Policy 13: Improve access to Innovate UK grants
In collaboration with The Coalition for a Digital Economy (Coadec), we have produced a manifesto to make Britain the best place in the world to start and grow a business. It features 21 policies across three key policy areas: access to talent, access to investment, and regulation. We’re sharing the policies on our blog. To read the full manifesto, click here.
The cost of making UK research funding more professionalised in the past three decades has been to make it more bureaucratic and managerial as well.
This has meant that many innovative firms prefer not to bother with grants from Innovate UK, for example, because of the time and cost of applying and the amount of reporting necessary. The cumulative cost to all the applicants for any particular grant could be a sizeable per cent of the actual grant award: for example, 8 applicants spending 2.5% each on the application would be 25%.

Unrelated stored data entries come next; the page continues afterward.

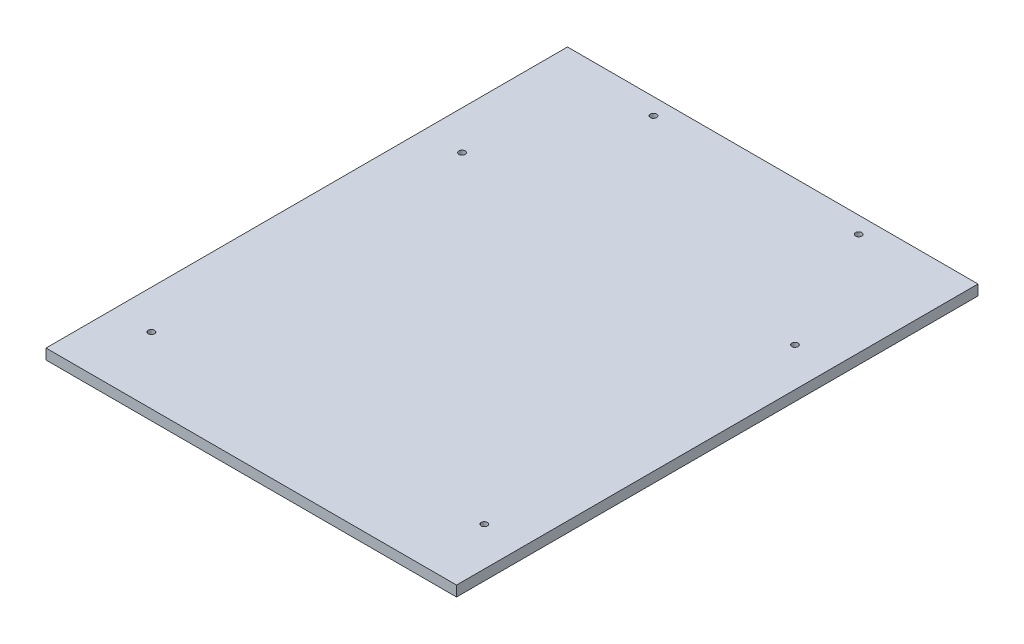
SolidWorks part; units mm, degrees
material "Pine"
ref_plane "Front Plane" through (0, 0, 0) normal (0, 0, 1) x (1, 0, 0)
ref_plane "Top Plane" through (0, 0, 0) normal (0, 1, 0) x (1, 0, 0)
ref_plane "Right Plane" through (0, 0, 0) normal (1, 0, 0) x (0, 0, -1)
sketch "Sketch1" plane through (0, 0, 0) normal (0, 1, 0) x (1, 0, 0)
  line L1 (-234.95, -298.45) -> (234.95, -298.45)
  line L2 (-234.95, -298.45) -> (-234.95, 298.45)
  line L3 (-234.95, 298.45) -> (234.95, 298.45)
  line L4 (234.95, -298.45) -> (234.95, 298.45)
  line L5 (-234.95, -298.45) -> (234.95, 298.45) construction
  line L6 (-234.95, 298.45) -> (234.95, -298.45) construction
  point P0 (0, 0)
  dimension "D1" = 469.9
  dimension "D2" = 596.9
extrude "Boss-Extrude1" add sketch "Sketch1" along normal blind 11.9062
sketch "Sketch2" plane through (0, 11.9062, 0) normal (0, 1, 0) x (1, 0, 0)
  line L0 (-234.95, -298.45) -> (234.95, -298.45) construction
  line L1 (234.95, 298.45) -> (-234.95, 298.45) construction
  point P0 (-190.5, -222.25)
  point P1 (190.5, -222.25)
  point P2 (190.5, 133.35)
  point P3 (-190.5, 133.35)
  point P4 (117.475, 279.4)
  point P8 (-117.475, 279.4)
  dimension "D1" = 381
  dimension "D2" = 190.5
  dimension "D3" = 355.6
  dimension "D4" = 76.2
  dimension "D5" = 234.95
  dimension "D6" = 117.475
  dimension "D7" = 19.05
hole_wizard "9/32 (0.28125) Diameter Hole1" positions "Sketch3" profile "Sketch4" hole size "9/32" standard "ANSI Inch" end condition through all
sketch "Sketch3" plane through (0, 11.9062, 0) normal (0, 1, 0) x (1, 0, 0)
  point P0 (-190.5, 133.35)
  point P3 (190.5, 133.35)
  point P6 (190.5, -222.25)
  point P9 (-190.5, -222.25)
  point P13 (-117.475, 279.4)
  point P16 (117.475, 279.4)
sketch "Sketch4" plane through (-190.5, 11.9062, -133.35) normal (1, 0, 0) x (0, 0, 1)
  line L0 (0, 0) -> (0, 11.9062)
  line L1 (0, 11.9062) -> (3.5719, 11.9062)
  line L2 (3.5719, 11.9062) -> (3.5719, 0)
  line L5 (3.5719, 0) -> (0, 0)
  line L11 (0, -6.35) -> (0, 107.95) construction
  dimension "Thru Hole Dia." = 7.1437
  dimension "Thru Hole Depth" = 11.9062

Apart from the bureaucracy involved, it is not clear that research grants are very well targeted. Inevitably, many good projects will fail the approvals process, and application reviewers end up separating not just good from bad, but good from good, a more difficult and probably less valuable task.
There could also be clearer focus on Innovate UK’s reason for existing – the market failures, like uncaptured spillovers or collective action problems, that means that private investment may underfund innovation from society’s point of view.
To simplify and better-target grant funding, the next government should pilot a lottery-based funding system, where grant applications are reviewed to pass a certain threshold and those that do are entered into a funding lottery. The assessment could include whether there is a “market failure” case for support where for-profit VCs have decided not to, so that government funding has a clear purpose grounded in the economic case for supporting innovation.